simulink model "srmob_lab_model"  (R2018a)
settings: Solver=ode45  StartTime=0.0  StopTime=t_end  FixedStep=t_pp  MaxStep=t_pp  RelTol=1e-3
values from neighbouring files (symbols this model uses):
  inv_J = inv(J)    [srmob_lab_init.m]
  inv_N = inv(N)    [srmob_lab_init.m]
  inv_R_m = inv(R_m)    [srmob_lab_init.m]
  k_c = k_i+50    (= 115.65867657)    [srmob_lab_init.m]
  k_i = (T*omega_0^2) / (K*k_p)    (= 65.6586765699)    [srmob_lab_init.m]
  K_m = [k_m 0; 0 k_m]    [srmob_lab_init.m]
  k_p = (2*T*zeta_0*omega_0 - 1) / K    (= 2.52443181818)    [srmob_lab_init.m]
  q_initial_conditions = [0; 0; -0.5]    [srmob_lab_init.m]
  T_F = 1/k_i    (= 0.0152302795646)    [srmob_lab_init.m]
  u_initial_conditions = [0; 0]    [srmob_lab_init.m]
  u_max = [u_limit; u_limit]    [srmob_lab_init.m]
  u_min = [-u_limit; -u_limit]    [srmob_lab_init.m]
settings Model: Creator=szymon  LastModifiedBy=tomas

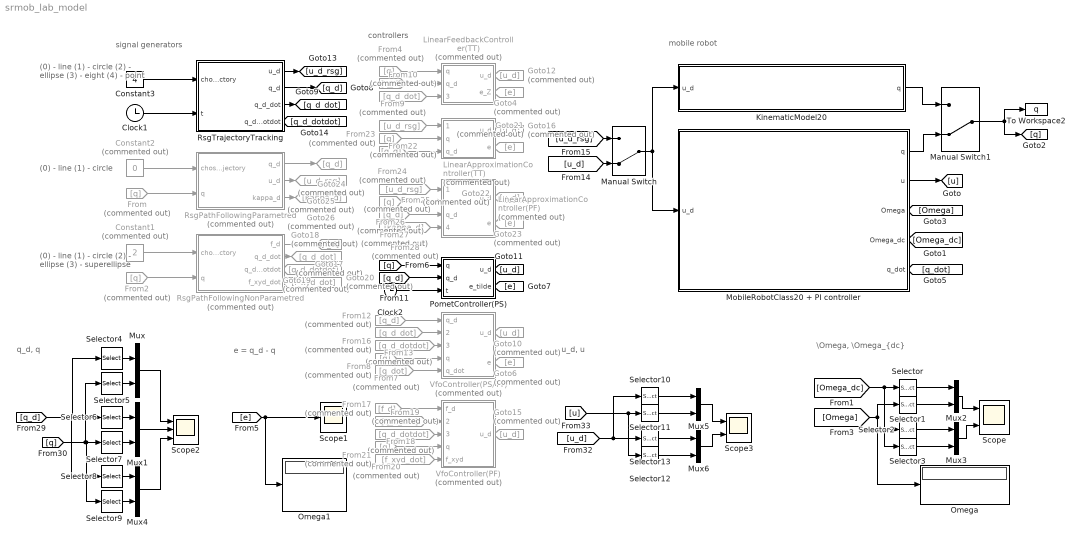
== system srmob_lab_model ==
  note: e = q_d - q
  note: signal generators
  note: controllers
  note: \Omega, \Omega_{dc}
  note: (0) - line
      | (1) - circle
      | (2) - ellipse
      | (3) - eight
      | (4) - point
  note: mobile robot
  note: (0) - line
      | (1) - circle
  note: (0) - line
      | (1) - circle
      | (2) - ellipse
      | (3) - superellipse
  note: q_d, q
  note: u_d, u
  Clock1 : Clock
  Clock2 : Clock
  Constant1 : Constant  Commented=on  Value=2
  Constant2 : Constant  Commented=on  Value=0
  Constant3 : Constant  Value=4
  From{,2,4,7,20,23,26} (7 alike) : From  Commented=on  GotoTag=q
  From10 : From  Commented=on  GotoTag=q_d_dot
  From{9,12,24,27} (4 alike) : From  Commented=on  GotoTag=q_d
  From13 : From  Commented=on  GotoTag=q_d_dot
  From16 : From  Commented=on  GotoTag=q_d_dotdot
  From17 : From  Commented=on  GotoTag=f_d
  From18 : From  Commented=on  GotoTag=q_d_dot
  From19 : From  Commented=on  GotoTag=q_d_dotdot
  From21 : From  Commented=on  GotoTag=f_xyd_dot
  From22 : From  Commented=on  GotoTag=u_d_rsg
  From25 : From  Commented=on  GotoTag=u_d_rsg
  From28 : From  Commented=on  GotoTag=kappa_d
  From8 : From  Commented=on  GotoTag=q_dot
  Goto{10,12,15..16,22} (5 alike) : Goto  Commented=on  GotoTag=u_d
  Goto17 : Goto  Commented=on  GotoTag=f_d
  Goto18 : Goto  Commented=on  GotoTag=q_d_dot
  Goto19 : Goto  Commented=on  GotoTag=q_d_dotdot
  Goto20 : Goto  Commented=on  GotoTag=f_xyd_dot
  Goto{4,6,21,23} (4 alike) : Goto  Commented=on  GotoTag=e
  Goto24 : Goto  Commented=on  GotoTag=q_d
  Goto25 : Goto  Commented=on  GotoTag=u_d_rsg
  Goto26 : Goto  Commented=on  GotoTag=kappa_d
  KinematicModel20 : Subsystem
  LinearApproximationController(PF) : Subsystem  Commented=on
  LinearApproximationController(TT) : Subsystem  Commented=on
  LinearFeedbackController(TT) : Subsystem  Commented=on
  Manual Switch : ManualSwitch  CurrentSetting=0
  Manual Switch1 : ManualSwitch  CurrentSetting=0
  MobileRobotClass20 + PI controller : Subsystem
  Mux{,1..6} (7 alike) : Mux  Inputs=2
  Omega : Display
  Omega1 : Display
  PometController(PS) : Subsystem
  RsgPathFollowingNonParametred : Subsystem  Commented=on
  RsgPathFollowingParametred : Subsystem  Commented=on
  RsgTrajectoryTracking : Subsystem
  Scope : Scope  NumInputPorts=2
  Scope1 : Scope
  Scope2 : Scope  NumInputPorts=3
  Scope3 : Scope  NumInputPorts=2
  Selector{,1,10..11} (4 alike) : Selector  InputPortWidth=2  IndexOptions=Index vector (dialog)  Indices=1  OutputSizes=1
  Selector{2..3,12..13} (4 alike) : Selector  InputPortWidth=2  IndexOptions=Index vector (dialog)  Indices=2  OutputSizes=1
  Selector4 : Selector  InputPortWidth=3  IndexOptions=Index vector (dialog)  Indices=1  OutputSizes=1
  Selector5 : Selector  InputPortWidth=3  IndexOptions=Index vector (dialog)  Indices=1  OutputSizes=1
  Selector6 : Selector  InputPortWidth=3  IndexOptions=Index vector (dialog)  Indices=2  OutputSizes=1
  Selector7 : Selector  InputPortWidth=3  IndexOptions=Index vector (dialog)  Indices=2  OutputSizes=1
  Selector8 : Selector  InputPortWidth=3  IndexOptions=Index vector (dialog)  Indices=3  OutputSizes=1
  Selector9 : Selector  InputPortWidth=3  IndexOptions=Index vector (dialog)  Indices=3  OutputSizes=1
  To Workspace2 : ToWorkspace  VariableName=q  SampleTime=-1
  VfoController(PF) : Subsystem  Commented=on
  VfoController(PS/TT) : Subsystem  Commented=on
  wires:
  Selector/1 -> Mux2/1
  Selector1/1 -> Mux2/2
  Selector2/1 -> Mux3/1
  Selector3/1 -> Mux3/2
  Mux2/1 -> Scope/1
  Clock1/1 -> RsgTrajectoryTracking/2(t)
  From/1 -> RsgPathFollowingParametred/2(q)
  MobileRobotClass20 + PI controller/1(q) -> Manual Switch1/2
  MobileRobotClass20 + PI controller/2(u) -> [u]
  MobileRobotClass20 + PI controller/4(Omega_dc) -> [Omega_dc]
  From2/1 -> RsgPathFollowingNonParametred/2(q)
  MobileRobotClass20 + PI controller/3(Omega) -> [Omega]
  Constant1/1 -> RsgPathFollowingNonParametred/1(chosen_trajectory)
  Constant2/1 -> RsgPathFollowingParametred/1(chosen_trajectory)
  Constant3/1 -> RsgTrajectoryTracking/1(chosen_trajectory)
  Manual Switch1/1 -> To Workspace2/1, [q]
  From4/1 -> LinearFeedbackController(TT)/1(q)
  Manual Switch/1 -> KinematicModel20/1(u_d), MobileRobotClass20 + PI controller/1(u_d)
  LinearFeedbackController(TT)/2(e_Z) -> Goto4/1
  [e] -> Scope1/1, Omega1/1
  Mux3/1 -> Scope/2
  [Omega_dc] -> Selector3/1, Selector/1
  [Omega] -> Omega/1, Selector2/1, Selector1/1
  Clock2/1 -> PometController(PS)/3(t)
  [q] -> PometController(PS)/1(q)
  From7/1 -> VfoController(PS/TT)/4(q)
  PometController(PS)/1(u_d) -> [u_d]
  MobileRobotClass20 + PI controller/5(q_dot) -> [q_dot]
  From8/1 -> VfoController(PS/TT)/5(q_dot)
  VfoController(PS/TT)/2(e) -> Goto6/1
  PometController(PS)/2(e_tilde) -> [e]
  RsgTrajectoryTracking/2(q_d) -> [q_d]
  From9/1 -> LinearFeedbackController(TT)/2(q_d)
  RsgTrajectoryTracking/3(q_d_dot) -> [q_d_dot]
  From10/1 -> LinearFeedbackController(TT)/3(q_d_dot)
  [q_d] -> PometController(PS)/2(q_d)
  From12/1 -> VfoController(PS/TT)/1(q_d)
  From13/1 -> VfoController(PS/TT)/2(q_d_dot)
  VfoController(PS/TT)/1(u_d) -> Goto10/1
  LinearFeedbackController(TT)/1(u_d) -> Goto12/1
  [u_d] -> Manual Switch/2
  RsgTrajectoryTracking/1(u_d) -> [u_d_rsg]
  [u_d_rsg] -> Manual Switch/1
  KinematicModel20/1(q) -> Manual Switch1/1
  RsgTrajectoryTracking/4(q_d_dotdot) -> [q_d_dotdot]
  From16/1 -> VfoController(PS/TT)/3(q_d_dotdot)
  RsgPathFollowingNonParametred/2(q_d_dot) -> Goto18/1
  RsgPathFollowingNonParametred/3(q_d_dotdot) -> Goto19/1
  RsgPathFollowingNonParametred/1(f_d) -> Goto17/1
  From18/1 -> VfoController(PF)/2(q_d_dot)
  From19/1 -> VfoController(PF)/3(q_d_dotdot)
  From17/1 -> VfoController(PF)/1(f_d)
  From20/1 -> VfoController(PF)/4(q)
  RsgPathFollowingNonParametred/4(f_xyd_dot) -> Goto20/1
  From21/1 -> VfoController(PF)/5(f_xyd)
  VfoController(PF)/1(u_d) -> Goto15/1
  From23/1 -> LinearApproximationController(TT)/2(q)
  LinearApproximationController(TT)/1(u_d) -> Goto16/1
  LinearApproximationController(TT)/2(e) -> Goto21/1
  From24/1 -> LinearApproximationController(TT)/3(q_d)
  From22/1 -> LinearApproximationController(TT)/1(u_d_rsg)
  LinearApproximationController(PF)/1(u_d) -> Goto22/1
  LinearApproximationController(PF)/2(e) -> Goto23/1
  RsgPathFollowingParametred/1(q_d) -> Goto24/1
  RsgPathFollowingParametred/2(u_d) -> Goto25/1
  RsgPathFollowingParametred/3(kappa_d) -> Goto26/1
  From25/1 -> LinearApproximationController(PF)/1(u_d_rsg)
  From26/1 -> LinearApproximationController(PF)/2(q)
  From27/1 -> LinearApproximationController(PF)/3(q_d)
  From28/1 -> LinearApproximationController(PF)/4(kappa_d)
  [q_d] -> Selector8/1, Selector4/1, Selector6/1
  Selector4/1 -> Mux/1
  Selector5/1 -> Mux/2
  Mux/1 -> Scope2/1
  Selector7/1 -> Mux1/2
  Mux1/1 -> Scope2/2
  Selector6/1 -> Mux1/1
  Selector9/1 -> Mux4/2
  Mux4/1 -> Scope2/3
  Selector8/1 -> Mux4/1
  [q] -> Selector5/1, Selector9/1, Selector7/1
  Selector13/1 -> Mux6/1
  Selector10/1 -> Mux5/1
  Mux6/1 -> Scope3/2
  Selector11/1 -> Mux5/2
  Mux5/1 -> Scope3/1
  Selector12/1 -> Mux6/2
  [u_d] -> Selector10/1, Selector13/1
  [u] -> Selector12/1, Selector11/1

== system srmob_lab_model/KinematicModel20 ==
  u_d : Inport
  Demux : Demux  Outputs=3
  Integrator : Integrator  InitialCondition=q_initial_conditions
  KinematicModel : MATLABFcn  MATLABFcn=KinematicModel
  Mux : Mux  Inputs=2
  Mux1 : Mux  Inputs=3
  q : Outport
  wires:
  KinematicModel/1 -> Integrator/1  "q'"
  Mux/1 -> KinematicModel/1
  u_d/1 -> Mux/2
  Integrator/1 -> Demux/1  "q"
  Demux/1 -> Mux/1, Mux1/1  "theta"
  Demux/3 -> Mux1/3  "y"
  Demux/2 -> Mux1/2  "x"
  Mux1/1 -> q/1

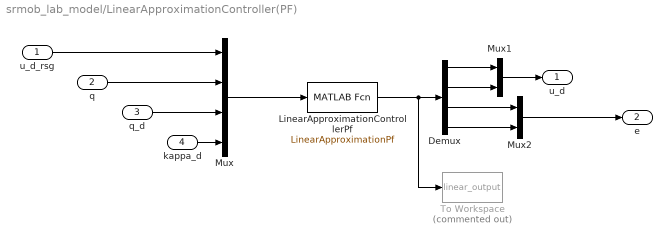
== system srmob_lab_model/LinearApproximationController(PF) ==
  u_d_rsg : Inport
  q : Inport  Port=2
  q_d : Inport  Port=3
  kappa_d : Inport  Port=4
  Demux : Demux
  LinearApproximationControllerPf : MATLABFcn  MATLABFcn=LinearApproximationPf
  Mux : Mux
  Mux1 : Mux  Inputs=2
  Mux2 : Mux  Inputs=2
  To Workspace : ToWorkspace  Commented=on  VariableName=linear_output  SampleTime=-1
  u_d : Outport
  e : Outport  Port=2
  wires:
  Mux/1 -> LinearApproximationControllerPf/1
  q_d/1 -> Mux/3
  LinearApproximationControllerPf/1 -> Demux/1, To Workspace/1
  Demux/1 -> Mux1/1
  Demux/2 -> Mux1/2
  Mux2/1 -> e/1
  Mux1/1 -> u_d/1
  u_d_rsg/1 -> Mux/1
  q/1 -> Mux/2
  kappa_d/1 -> Mux/4
  Demux/4 -> Mux2/2
  Demux/3 -> Mux2/1

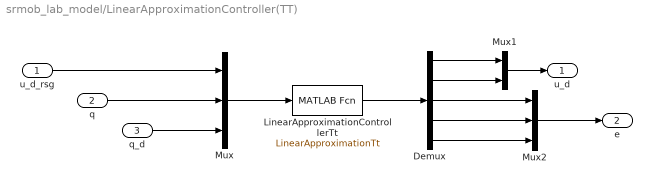
== system srmob_lab_model/LinearApproximationController(TT) ==
  u_d_rsg : Inport
  q : Inport  Port=2
  q_d : Inport  Port=3
  Demux : Demux  Outputs=5
  LinearApproximationControllerTt : MATLABFcn  MATLABFcn=LinearApproximationTt
  Mux : Mux  Inputs=3
  Mux1 : Mux  Inputs=2
  Mux2 : Mux  Inputs=3
  u_d : Outport
  e : Outport  Port=2
  wires:
  Mux/1 -> LinearApproximationControllerTt/1
  q_d/1 -> Mux/3
  LinearApproximationControllerTt/1 -> Demux/1
  Demux/1 -> Mux1/1
  Demux/2 -> Mux1/2
  Demux/3 -> Mux2/1
  Demux/4 -> Mux2/2
  Mux2/1 -> e/1
  Mux1/1 -> u_d/1
  u_d_rsg/1 -> Mux/1
  q/1 -> Mux/2
  Demux/5 -> Mux2/3

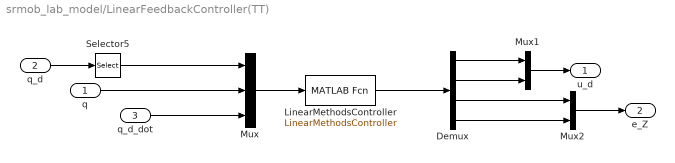
== system srmob_lab_model/LinearFeedbackController(TT) ==
  q : Inport
  q_d : Inport  Port=2
  q_d_dot : Inport  Port=3
  Demux : Demux
  LinearMethodsController : MATLABFcn  MATLABFcn=LinearMethodsController
  Mux : Mux  Inputs=3
  Mux1 : Mux  Inputs=2
  Mux2 : Mux  Inputs=2
  Selector5 : Selector  InputPortWidth=3  IndexOptions=Index vector (dialog)  Indices=[2 3]  OutputSizes=1
  u_d : Outport
  e_Z : Outport  Port=2
  wires:
  Mux/1 -> LinearMethodsController/1
  q/1 -> Mux/2
  q_d/1 -> Selector5/1
  LinearMethodsController/1 -> Demux/1
  q_d_dot/1 -> Mux/3
  Demux/1 -> Mux1/1
  Demux/2 -> Mux1/2
  Demux/3 -> Mux2/1
  Demux/4 -> Mux2/2
  Mux2/1 -> e_Z/1
  Mux1/1 -> u_d/1
  Selector5/1 -> Mux/1

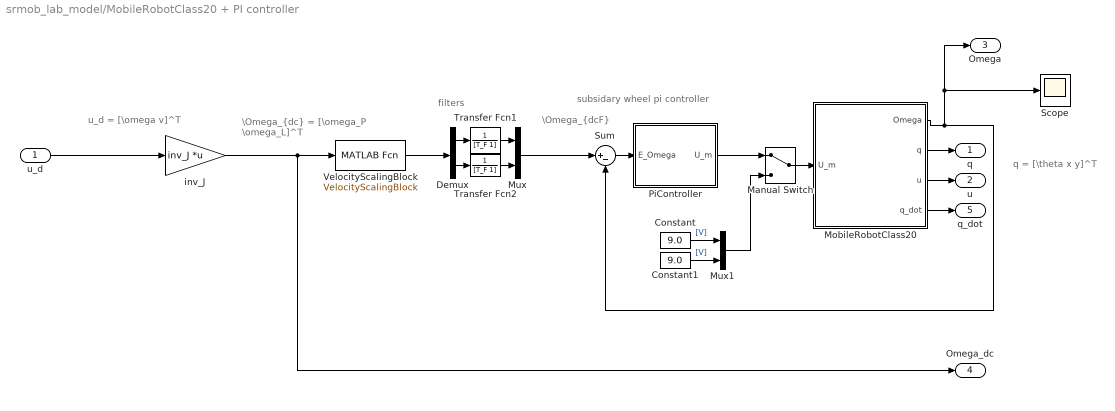
== system srmob_lab_model/MobileRobotClass20 + PI controller ==
  note: q = [\theta x y]^T
  note: u_d = [\omega v]^T
  note: \Omega_{dc} = [\omega_P \omega_L]^T
  note: \Omega_{dcF}
  note: subsidary wheel pi controller
  note: filters
  u_d : Inport
  Constant : Constant  Value=9.0
  Constant1 : Constant  Value=9.0
  Demux : Demux  Outputs=2
  Manual Switch : ManualSwitch
  MobileRobotClass20 : Subsystem
  Mux : Mux  Inputs=2
  Mux1 : Mux  Inputs=2
  PiController : Subsystem
  Scope : Scope
  Sum : Sum  Inputs=|+-
  Transfer Fcn1 : TransferFcn  Numerator=1  Denominator=[T_F 1]
  Transfer Fcn2 : TransferFcn  Numerator=1  Denominator=[T_F 1]
  VelocityScalingBlock : MATLABFcn  MATLABFcn=VelocityScalingBlock
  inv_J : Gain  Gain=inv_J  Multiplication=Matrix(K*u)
____________________
- [HOW TO COMPLETE THIS TASK]: The answer must be a verbatim transcription of the entries above, from the first line through the line that contains "q_initial_conditions = [0;", and nothing more.

- [FINISHED TASK]:
simulink model "srmob_lab_model"  (R2018a)
settings: Solver=ode45  StartTime=0.0  StopTime=t_end  FixedStep=t_pp  MaxStep=t_pp  RelTol=1e-3
values from neighbouring files (symbols this model uses):
  inv_J = inv(J)    [srmob_lab_init.m]
  inv_N = inv(N)    [srmob_lab_init.m]
  inv_R_m = inv(R_m)    [srmob_lab_init.m]
  k_c = k_i+50    (= 115.65867657)    [srmob_lab_init.m]
  k_i = (T*omega_0^2) / (K*k_p)    (= 65.6586765699)    [srmob_lab_init.m]
  K_m = [k_m 0; 0 k_m]    [srmob_lab_init.m]
  k_p = (2*T*zeta_0*omega_0 - 1) / K    (= 2.52443181818)    [srmob_lab_init.m]
  q_initial_conditions = [0; 0; -0.5]    [srmob_lab_init.m]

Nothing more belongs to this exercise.